Frau Maria gab den Männern die Hand und ließ sich willenlos auf Ottens Zimmer führen. Im Ofen flackerte ein tüchtiges Feuer. Man spürte Heinrich Kochs sorgende Hand. Die Wirtschafterin folgte ihnen auf dem Fuß, und Otten ließ die Frauen eine Weile allein. Als er ins Zimmer zurückkehrte, saß Frau Maria in trockenen Kleidern, Füße und Knie sorgsam eingehüllt, in der Sofaecke und nahm auf Zureden von Tringche den heißen Trank zu sich. »Es geht mir schon wieder gut, Joseph.«

Otten zog einen Stuhl neben das Sofa, setzte sich und nahm ihre Hand. Die Wirtschafterin fragte, ob sie zu essen bringen solle. »Ich kann nicht,« sagte Frau Maria, und auch Otten schüttelte den Kopf. Dann ging die Frau mit zutraulichem Gruß, und sie waren allein. Beide sahen sie vor sich nieder.

Draußen rüttelte der Wind an den Fensterläden und fuhr in ohnmächtiger Wut um das Haus, in das ihm seine Beute entschlüpft war. Sie hörten ihn beide, und hörten dumpf in der Ferne den Eisgang.

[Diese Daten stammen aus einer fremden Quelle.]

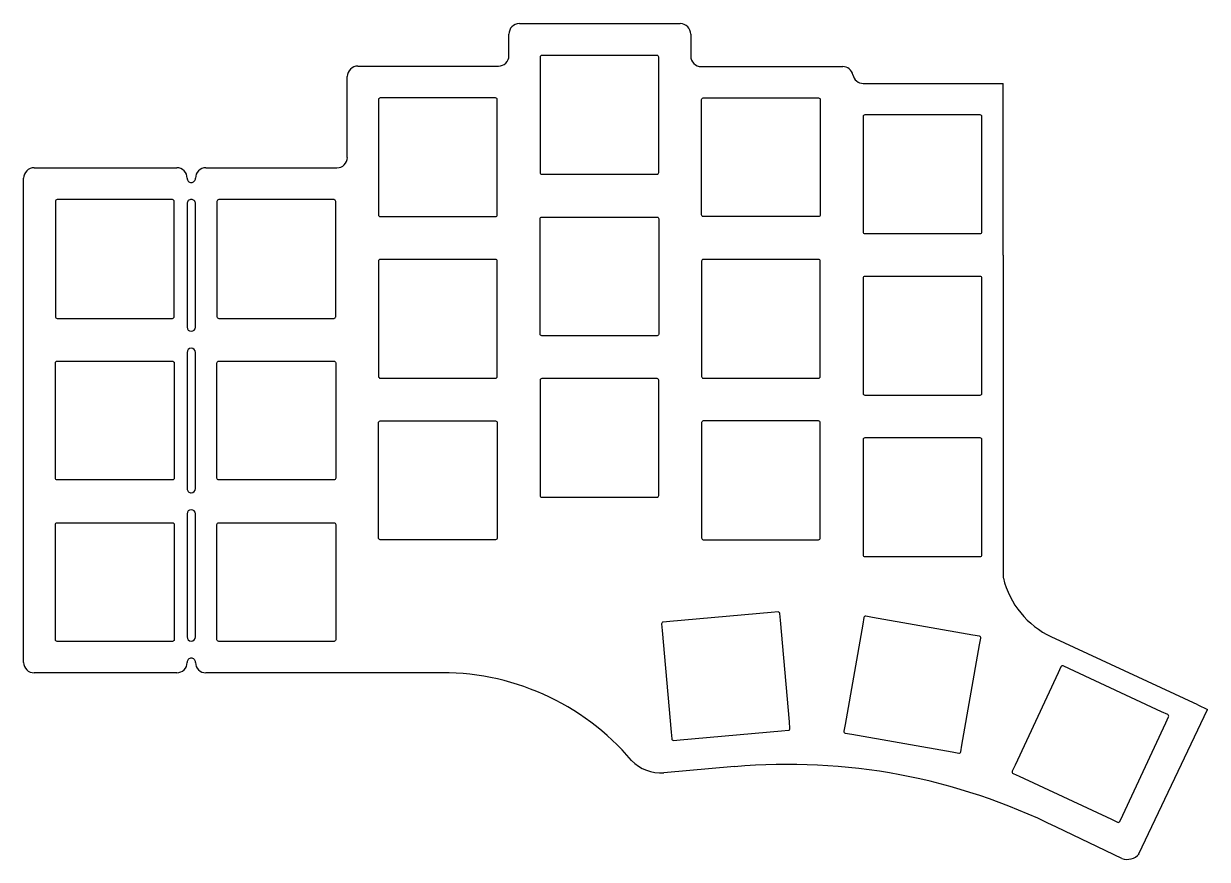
# Model space of a CAD drawing. Header units: millimetres. Extents: x -68 to 72, y -69 to 30.
import ezdxf

# ---------------------------------------------------------------- set-up
doc = ezdxf.new("R2010")
doc.units = ezdxf.units.MM
doc.layers.get('0').update_dxf_attribs({"linetype": 'CONTINUOUS'})

msp = doc.modelspace()

# ---------------------------------------------------------------- linework, layer by layer
for p, q in [((-9.44, 29.81), (9.53, 29.81)), ((-10.67, 26.04), (-10.67, 28.57)), ((10.77, 28.57), (10.77, 25.98)), ((-28.48, 24.81), (-11.91, 24.81)), ((12, 24.75), (28.69, 24.75)), ((-29.73, 14.04), (-29.73, 23.57)), ((31.11, 22.76), (47.62, 22.76)), ((47.62, 21.58), (47.62, 22.76)), ((47.62, 2.52), (47.62, 21.58)), ((-66.66, 12.81), (-49.85, 12.81)), ((-46.41, 12.81), (-30.96, 12.81)), ((-67.9, -45.53), (-67.9, 11.57)), ((47.62, 2.52), (47.62, -16.52)), ((47.62, -16.52), (47.62, -35.57)), ((70.56, -50.54), (53.29, -42.49)), ((-49.84, -46.75), (-66.67, -46.75)), ((-19.4, -46.75), (-46.4, -46.75)), ((63.63, -68.11), (71.69, -51.08)), ((70.56, -50.54), (71.69, -51.08)), ((15.94, -57.82), (7.61, -58.54)), ((61.61, -68.64), (53.91, -64.96))]:
    msp.add_line(p, q)
for points in [[(-7, 12.25, 0.414214), (-6.8, 12.05), (6.8, 12.05, 0.414214), (7, 12.25), (7, 25.85, 0.414214), (6.8, 26.05), (-6.8, 26.05, 0.414214), (-7, 25.85)], [(-12.05, 7.25), (-12.05, 20.85, 0.414214), (-12.25, 21.05), (-25.85, 21.05, 0.414214), (-26.05, 20.85), (-26.05, 7.25, 0.414214), (-25.85, 7.05), (-12.25, 7.05, 0.414214)], [(12.05, 7.25), (12.05, 20.85, -0.414214), (12.25, 21.05), (25.85, 21.05, -0.414214), (26.05, 20.85), (26.05, 7.25, -0.414214), (25.85, 7.05), (12.25, 7.05, -0.414214)], [(45.1, 5.25), (45.1, 18.85, 0.414214), (44.9, 19.05), (31.3, 19.05, 0.414214), (31.1, 18.85), (31.1, 5.25, 0.414214), (31.3, 5.05), (44.9, 5.05, 0.414214)], [(-50.15, -4.75), (-50.15, 8.85, 0.414214), (-50.35, 9.05), (-63.95, 9.05, 0.414214), (-64.15, 8.85), (-64.15, -4.75, 0.414214), (-63.95, -4.95), (-50.35, -4.95, 0.414214)], [(-48.13, 9.08, 0.414286), (-48.63, 8.58), (-48.63, -5.97, 0.414118), (-48.13, -6.47, 0.414134), (-47.63, -5.97), (-47.63, 8.58, 0.414218)], [(-31.1, -4.75), (-31.1, 8.85, 0.414214), (-31.3, 9.05), (-44.9, 9.05, 0.414214), (-45.1, 8.85), (-45.1, -4.75, 0.414214), (-44.9, -4.95), (-31.3, -4.95, 0.414214)], [(-7, 6), (-7, 6.8, -0.414214), (-6.8, 7), (6.8, 7, -0.414214), (7, 6.8), (7, 6), (7, -6), (7, -6.8, -0.414214), (6.8, -7), (-6.8, -7, -0.414214), (-7, -6.8), (-7, -6)], [(-12.05, -11.8), (-12.05, -11), (-12.05, 1), (-12.05, 1.8, 0.414214), (-12.25, 2), (-25.85, 2, 0.414214), (-26.05, 1.8), (-26.05, 1), (-26.05, -11), (-26.05, -11.8, 0.414214), (-25.85, -12), (-12.25, -12, 0.414214)], [(25.85, 2), (25.05, 2), (13.05, 2), (12.25, 2, 0.414214), (12.05, 1.8), (12.05, 1), (12.05, -11), (12.05, -11.8, 0.414214), (12.25, -12), (13.05, -12), (25.05, -12), (25.85, -12, 0.414214), (26.05, -11.8), (26.05, -11), (26.05, 1), (26.05, 1.8, 0.414214)], [(31.1, -13.8, 0.414214), (31.3, -14), (32.1, -14), (44.1, -14), (44.9, -14, 0.414214), (45.1, -13.8), (45.1, -13), (45.1, -1), (45.1, -0.2, 0.414214), (44.9, 0), (44.1, 0), (32.1, 0), (31.3, 0, 0.414214), (31.1, -0.2), (31.1, -1), (31.1, -13)], [(-48.13, -8.47, 0.41421), (-48.63, -8.97), (-48.63, -25.02, 0.414226), (-48.13, -25.52, 0.414208), (-47.63, -25.02), (-47.63, -8.97, 0.414108)], [(-64.15, -23.8), (-64.15, -10.2, -0.414214), (-63.95, -10), (-50.35, -10, -0.414214), (-50.15, -10.2), (-50.15, -23.8, -0.414214), (-50.35, -24), (-63.95, -24, -0.414214)], [(-45.1, -11), (-45.1, -10.2, -0.414214), (-44.9, -10), (-31.3, -10, -0.414214), (-31.1, -10.2), (-31.1, -11), (-31.1, -23), (-31.1, -23.8, -0.414214), (-31.3, -24), (-44.9, -24, -0.414214), (-45.1, -23.8), (-45.1, -23)], [(6.8, -12.05), (6, -12.05), (-6, -12.05), (-6.8, -12.05, 0.414214), (-7, -12.25), (-7, -13.05), (-7, -25.05), (-7, -25.85, 0.414214), (-6.8, -26.05), (-6, -26.05), (6, -26.05), (6.8, -26.05, 0.414214), (7, -25.85), (7, -25.05), (7, -13.05), (7, -12.25, 0.414214)], [(-26.05, -18.05), (-26.05, -17.25, -0.414214), (-25.85, -17.05), (-12.25, -17.05, -0.414214), (-12.05, -17.25), (-12.05, -18.05), (-12.05, -30.05), (-12.05, -30.85, -0.414214), (-12.25, -31.05), (-25.85, -31.05, -0.414214), (-26.05, -30.85), (-26.05, -30.05)], [(12.05, -30.85, 0.414214), (12.25, -31.05), (13.05, -31.05), (25.05, -31.05), (25.85, -31.05, 0.414214), (26.05, -30.85), (26.05, -30.05), (26.05, -18.05), (26.05, -17.25, 0.414214), (25.85, -17.05), (25.05, -17.05), (13.05, -17.05), (12.25, -17.05, 0.414214), (12.05, -17.25), (12.05, -18.05), (12.05, -30.05)], [(31.1, -32.85, 0.414214), (31.3, -33.05), (32.1, -33.05), (44.1, -33.05), (44.9, -33.05, 0.414214), (45.1, -32.85), (45.1, -32.05), (45.1, -20.05), (45.1, -19.25, 0.414214), (44.9, -19.05), (44.1, -19.05), (32.1, -19.05), (31.3, -19.05, 0.414214), (31.1, -19.25), (31.1, -20.05), (31.1, -32.05)], [(-48.13, -27.52, 0.414212), (-48.63, -28.02), (-48.63, -42.52, 0.414124), (-48.13, -43.02, 0.414204), (-47.63, -42.52), (-47.63, -28.02, 0.414212)], [(-64.15, -30.05), (-64.15, -29.25, -0.414214), (-63.95, -29.05), (-50.35, -29.05, -0.414214), (-50.15, -29.25), (-50.15, -42.85, -0.414214), (-50.35, -43.05), (-63.95, -43.05, -0.414214), (-64.15, -42.85), (-64.15, -42.05)], [(-45.1, -30.05), (-45.1, -29.25, -0.414214), (-44.9, -29.05), (-31.3, -29.05, -0.414214), (-31.1, -29.25), (-31.1, -30.05), (-31.1, -42.05), (-31.1, -42.85, -0.414214), (-31.3, -43.05), (-44.9, -43.05, -0.414214), (-45.1, -42.85), (-45.1, -42.05)], [(21.06, -39.58), (20.27, -39.65), (8.31, -40.7), (7.52, -40.77, 0.414214), (7.33, -40.99), (7.4, -41.78), (8.45, -53.74), (8.52, -54.53, 0.414214), (8.74, -54.72), (9.53, -54.65), (21.49, -53.6), (22.28, -53.53, 0.414214), (22.47, -53.31), (22.4, -52.52), (21.35, -40.56), (21.28, -39.77, 0.414214)], [(44.81, -42.44), (44.02, -42.3), (32.21, -40.21), (31.42, -40.08, 0.414214), (31.19, -40.24), (31.05, -41.03), (28.96, -52.84), (28.83, -53.63, 0.414214), (28.99, -53.86), (29.78, -54), (41.59, -56.09), (42.38, -56.22, 0.414214), (42.61, -56.06), (42.75, -55.27), (44.84, -43.46), (44.97, -42.67, 0.414214)], [(67.02, -51.68), (66.3, -51.34), (55.42, -46.27), (54.7, -45.93, 0.414213), (54.43, -46.03), (54.09, -46.75), (49.02, -57.63), (48.68, -58.35, 0.414213), (48.78, -58.62), (49.5, -58.96), (60.38, -64.03), (61.1, -64.37, 0.414213), (61.37, -64.27), (61.71, -63.55), (66.78, -52.67), (67.12, -51.95, 0.414213)]]:
    msp.add_lwpolyline(points, format="xyb", close=True)
for centre, radius, start, end in [((-9.44, 28.57), 1.24, 90, 180), ((9.53, 28.57), 1.24, 0, 90), ((-11.91, 26.04), 1.24, -90, 0.0002), ((12, 25.98), 1.23, 179.9997, 270.3047), ((-28.49, 23.57), 1.24, 89.3795, 180.0008), ((28.69, 23.51), 1.24, 11.9896, 90.0012), ((31.11, 23.99), 1.23, 190.2957, 270), ((-30.96, 14.04), 1.24, 270.0032, 359.9968), ((-66.66, 11.57), 1.24, 90, 180), ((-49.84, 11.59), 1.22, 0.0033, 90.4657), ((-46.41, 11.59), 1.22, 90.0032, 180.4659), ((-48.13, 11.58), 0.5, 178.8761, 269.9984), ((-48.13, 11.58), 0.5, -90.0034, 0.0034), ((57.66, -33.14), 10.32, 193.6632, 245), ((-66.68, -45.53), 1.22, 180.0039, 270.4651), ((-49.84, -45.53), 1.22, -89.9968, 0.4659), ((-48.13, -45.52), 0.5, 89.9966, 180.0034), ((-48.13, -45.52), 0.5, -1.1162, 89.9907), ((-46.41, -45.53), 1.22, 180.0032, 270.4659), ((-18.59, -76.11), 29.37, 40.3586, 91.5789), ((7.23, -53.78), 4.77, 223.8606, 274.5678), ((22.21, -129), 71.45, 63.6646, 95.0359), ((62.24, -66.92), 1.84, 250.1511, 319.3853)]:
    msp.add_arc(centre, radius, start, end)

doc.saveas('drawing.dxf')

»Weshalb wolltest du das tun, Maria?«

»Du hattest mich nicht mehr nötig.«

»Ich durfte dich nicht mehr nötig haben, Maria. Du hast doch immer so gut in mir zu lesen verstanden.«

»Aber ich hatte dich nötig, dich! Wäre ich sonst gekommen, wenn ich noch ein und aus gewußt hätte? Du lasest doch auch in mir, für dich war ich doch nie ein Rätsel, und ich wurde abgewiesen.«

»Es geschah in der ersten Überraschung. Ich war so unvorbereitet, daß ich den Kopf verlor.«

»Sieh, Joseph, es war das erste Mal, daß der Glaube an dich ins Wanken geriet. Was du auch im Leben zuviel getan und zuviel unterlassen haben mochtest, ich habe immer den ritterlichen Mann in dir gesehen. Selbst damals, als das Unglück kam. Ich war Frau genug, um das alles zu verstehen, und vor allem — ich war doch deine Frau. Nur einen großen Fehler habe ich begangen: ich hätte mich dir aufzwingen müssen. Vielleicht wärst du schneller gesundet, vielleicht wären wir beide vor der Zeit miteinander alt und still geworden. Aber wir wären doch beieinander gewesen.«

Er streichelte wortlos ihre Hand.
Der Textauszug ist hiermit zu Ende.